Sunday, March 20, 2011

New Year: Jdg 12-14 for Mar 15

God appears to a barren woman, in contrast to those who have been previously described as full of children and grandchildren (Judges 12:9; 12:14; 13:2).

When there is a time of oppression by the Philistines, we know why it came about (Judges 13:1). But when there comes a time of deliverance from the Philistines, through the initiative of God, He begins doing so without telling us His reasons (13:5).

God's coming to those who by contrast aren't famous for their family is another example of His often-seen reversal pattern, reversing what is normally expected. We have seen this since the Garden, when the sound (Genesis 3:8) was not what the reader expected to be the sound Adam heard. In Judges we have it now ever-so-explicit, when in Judges 7:2 the Lord tells Gideon "The people who are with you are too many for Me to give Midian into their hands, for Israel would glorify itself against Me, saying, 'My own hand has delivered me.'" This couple had no donkeys, sons riding them, grandsons, or donkeys for the grandsons. That strange detail in the previous chapter was deliberate!

As for Manoah and his wife, the privilege of beginning to deliver Israel from the Philistines was not theirs, but their son's -- yet they are visited by God Himself (13:22-23). Manoah wife is not named, as well. This should alert us to something, because we have seen this detail before (Gen 32:29). Manoah's wife is spoken to by God, who shares with this object of His compassion a little small detail: the inaccessibility of their names, each one's: her name, and His Name.

Friday, March 18, 2011

New Year: Jdg 9-11 for Mar 14

Jephthah's diplomacy with the Ammonites uses a piece of logic (Judges 11:24) that only a thorough-going supernaturalist could use.

Can you imagine a diplomatic argument over territory going on in this way nowadays, saying 'hundreds of years ago, our God gave us this land. Wouldn't you have the land your god gave you.'?

There's other "logic" that makes this chapter a fascinating study of human reasoning, faulty or not, besides 11:24, e.g., the vow of 11:31 and its aftermath in 11:39.
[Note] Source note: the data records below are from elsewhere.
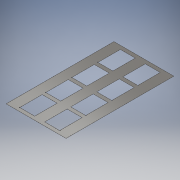
# Autodesk Inventor part: Assembly Stencil
Saved by Autodesk Inventor 2019.4 (Build 234330000, 330)
## iProperties
Created: 2021-01-11
Part Number: Assembly Stencil
Material: Stainless Steel
Document SubType Name: Modeling
Designer: caleb
Density: 8 g/cm^3
Appearance: Semi-Polished
Author: caleb
Autodesk Inventor part; units mm, degrees
ref_plane "YZ Plane" through (0, 0, 0) normal (1, 0, 0) x (0, 1, 0)
ref_plane "XZ Plane" through (0, 0, 0) normal (0, 1, 0) x (-1, 0, 0)
ref_plane "XY Plane" through (0, 0, 0) normal (0, 0, 1) x (1, 0, 0)
sketch "Sketch1" plane through (0, 0, 0) normal (0, 1, 0) x (-1, 0, 0)
  line L0 (-60, 108) -> (60, 108)
  line L1 (60, 108) -> (60, -108)
  line L2 (60, -108) -> (-60, -108)
  line L3 (-60, -108) -> (-60, 108)
  line L4 (-60, 108) -> (60, -108) construction
  line L5 (60, 108) -> (-60, -108) construction
  point P0 (0, 0)
  dimension "d0" = 216
  dimension "d1" = 120
  constraints: 12 end point, 2 midpoint, 2 parallel, 1 horizontal, 1 perpendicular
  measures "d0" distance of L0.end L1.end
  measures "d1" distance of L0.start L0.end
extrude "Extrusion1" add sketch "Sketch1" along normal blind 0.1
sketch "Sketch2" plane through (0, 0.1, 0) normal (0, 1, 0) x (1, 0, 0)
  line L0 (-39.8, -100.8) -> (-10.2, -100.8)
  line L1 (-10, -100.6) -> (-10, -56)
  line L2 (-10.2, -55.8) -> (-39.8, -55.8)
  line L3 (-40, -56) -> (-40, -100.6)
  line L4 (-60, -108) -> (60, -108) projected
  line L5 (-60, 108) -> (-60, -108) projected
  circle A0 centre (-40, -100.8) radius 1
  arc A1 (-39.8, -55.8) -> (-40, -56) centre (-39.8, -56) ccw
  arc A2 (-10, -56) -> (-10.2, -55.8) centre (-10.2, -56) ccw
  arc A3 (-10.2, -100.8) -> (-10, -100.6) centre (-10.2, -100.6) ccw
  arc A4 (-40, -100.6) -> (-39.8, -100.8) centre (-39.8, -100.6) ccw
  arc A5 (-10.2, -48.6) -> (-10, -48.4) centre (-10.2, -48.4) ccw
  line L6 (-10, -48.4) -> (-10, -3.8)
  arc A6 (-10, -3.8) -> (-10.2, -3.6) centre (-10.2, -3.8) ccw
  line L7 (-39.8, -48.6) -> (-10.2, -48.6)
  arc A7 (-40, -48.4) -> (-39.8, -48.6) centre (-39.8, -48.4) ccw
  line L8 (-10.2, -3.6) -> (-39.8, -3.6)
  arc A8 (-39.8, -3.6) -> (-40, -3.8) centre (-39.8, -3.8) ccw
  line L9 (-40, -3.8) -> (-40, -48.4)
  arc A9 (-10.2, 3.6) -> (-10, 3.8) centre (-10.2, 3.8) ccw
  line L10 (-10, 3.8) -> (-10, 48.4)
  arc A10 (-10, 48.4) -> (-10.2, 48.6) centre (-10.2, 48.4) ccw
  line L11 (-39.8, 3.6) -> (-10.2, 3.6)
  arc A11 (-40, 3.8) -> (-39.8, 3.6) centre (-39.8, 3.8) ccw
  line L12 (-10.2, 48.6) -> (-39.8, 48.6)
  arc A12 (-39.8, 48.6) -> (-40, 48.4) centre (-39.8, 48.4) ccw
  line L13 (-40, 48.4) -> (-40, 3.8)
  arc A13 (-10.2, 55.8) -> (-10, 56) centre (-10.2, 56) ccw
  line L14 (-10, 56) -> (-10, 100.6)
  arc A14 (-10, 100.6) -> (-10.2, 100.8) centre (-10.2, 100.6) ccw
  line L15 (-39.8, 55.8) -> (-10.2, 55.8)
  arc A15 (-40, 56) -> (-39.8, 55.8) centre (-39.8, 56) ccw
  line L16 (-10.2, 100.8) -> (-39.8, 100.8)
  arc A16 (-39.8, 100.8) -> (-40, 100.6) centre (-39.8, 100.6) ccw
  line L17 (-40, 100.6) -> (-40, 56)
  arc A17 (39.8, -100.8) -> (40, -100.6) centre (39.8, -100.6) ccw
  line L18 (40, -100.6) -> (40, -56)
  arc A18 (40, -56) -> (39.8, -55.8) centre (39.8, -56) ccw
  line L19 (10.2, -100.8) -> (39.8, -100.8)
  arc A19 (10, -100.6) -> (10.2, -100.8) centre (10.2, -100.6) ccw
  line L20 (39.8, -55.8) -> (10.2, -55.8)
  arc A20 (10.2, -55.8) -> (10, -56) centre (10.2, -56) ccw
  line L21 (10, -56) -> (10, -100.6)
  arc A21 (39.8, -48.6) -> (40, -48.4) centre (39.8, -48.4) ccw
  line L22 (40, -48.4) -> (40, -3.8)
  arc A22 (40, -3.8) -> (39.8, -3.6) centre (39.8, -3.8) ccw
  line L23 (10.2, -48.6) -> (39.8, -48.6)
  arc A23 (10, -48.4) -> (10.2, -48.6) centre (10.2, -48.4) ccw
  line L24 (39.8, -3.6) -> (10.2, -3.6)
  arc A24 (10.2, -3.6) -> (10, -3.8) centre (10.2, -3.8) ccw
  line L25 (10, -3.8) -> (10, -48.4)
  arc A25 (39.8, 3.6) -> (40, 3.8) centre (39.8, 3.8) ccw
  line L26 (40, 3.8) -> (40, 48.4)
  arc A26 (40, 48.4) -> (39.8, 48.6) centre (39.8, 48.4) ccw
  line L27 (10.2, 3.6) -> (39.8, 3.6)
  arc A27 (10, 3.8) -> (10.2, 3.6) centre (10.2, 3.8) ccw
  line L28 (39.8, 48.6) -> (10.2, 48.6)
  arc A28 (10.2, 48.6) -> (10, 48.4) centre (10.2, 48.4) ccw
  line L29 (10, 48.4) -> (10, 3.8)
  arc A29 (39.8, 55.8) -> (40, 56) centre (39.8, 56) ccw
  line L30 (40, 56) -> (40, 100.6)
  arc A30 (40, 100.6) -> (39.8, 100.8) centre (39.8, 100.6) ccw
  line L31 (10.2, 55.8) -> (39.8, 55.8)
  arc A31 (10, 56) -> (10.2, 55.8) centre (10.2, 56) ccw
  line L32 (39.8, 100.8) -> (10.2, 100.8)
  arc A32 (10.2, 100.8) -> (10, 100.6) centre (10.2, 100.6) ccw
  line L33 (10, 100.6) -> (10, 56)
  circle A33 centre (-40, -48.6) radius 1
  circle A34 centre (-40, 3.6) radius 1
  circle A35 centre (-40, 55.8) radius 1
  circle A36 centre (40, -100.8) radius 1
  circle A37 centre (40, -48.6) radius 1
  circle A38 centre (40, 3.6) radius 1
  circle A39 centre (40, 55.8) radius 1
  point P0 (0, 0)
  point P1 (-10, -100.8)
  point P2 (-40, -55.8)
  point P3 (-10, -48.6)
  point P4 (-40, -3.6)
  point P5 (-10, 3.6)
  point P6 (-40, 48.6)
  point P7 (-10, 55.8)
  point P8 (-40, 100.8)
  point P9 (40, -100.8)
  point P10 (10, -100.8)
  point P11 (10, -100.8)
  point P12 (10, -55.8)
  point P13 (40, -48.6)
  point P14 (10, -48.6)
  point P15 (10, -48.6)
  point P16 (10, -3.6)
  point P17 (40, 3.6)
  point P18 (10, 3.6)
  point P19 (10, 3.6)
  point P20 (10, 48.6)
  point P21 (40, 55.8)
  point P22 (10, 55.8)
  point P23 (10, 55.8)
  point P24 (10, 100.8)
  dimension "d4" = 30
  dimension "d5" = 45
  dimension "d6" = 7.2
  dimension "d7" = 20
  dimension "d8" = 2
  dimension "d9" = 0.2
  dimension "d20" = 0.2
  dimension "d23" = 52.2
  dimension "d26" = 50
  dimension "d31" = 52.2
  dimension "d34" = 80
  constraints: 64 end point, 64 point on circle, 48 point on line, 40 centre point, 8 coincident, 8 tangent, 3 horizontal, 2 equal radius, 2 parallel, 2 vertical, 1 perpendicular, 182 other
  measures "d4" distance of point (-40, -100.8) point (-10, -100.8)
  measures "d5" distance of point (-40, -55.8) point (-40, -100.8)
  measures "d6" distance between parallel lines of L4 L0
  measures "d7" distance between parallel lines of L5 L3
  measures "d8" diameter of A0
  measures "d9" radius of A1
  measures "d20" radius of A4
  measures "d23" distance of point (-10, -100.8) point (-10, -48.6)
  measures "d26" distance of point (-10, -100.8) point (40, -100.8)
  measures "d31" distance of A0.centre A33.centre
  measures "d34" distance of A0.centre A36.centre
extrude "Extrusion2" cut sketch "Sketch2" against normal through all
body "Solid1"

It has often been commented that OT narratives often seem to suspend judgment on key actions and actors, and that they deliberately do so, to bring the reader to a huge necessity, brought on by the weight of our conscience, that we must understand and express a moral judgment ourselves, upon what the narrative is saying happened.

Here in Judges this use of understatement is also evident. In the previous chapter we had the evaluation of Gideon's ephod, told in narrative terms (8:27). In chapter 9, we see, told in narrative form, a story of the kind 'what is due will come back to you', as a working out of the announcements and parable of Jotham (9:7-20).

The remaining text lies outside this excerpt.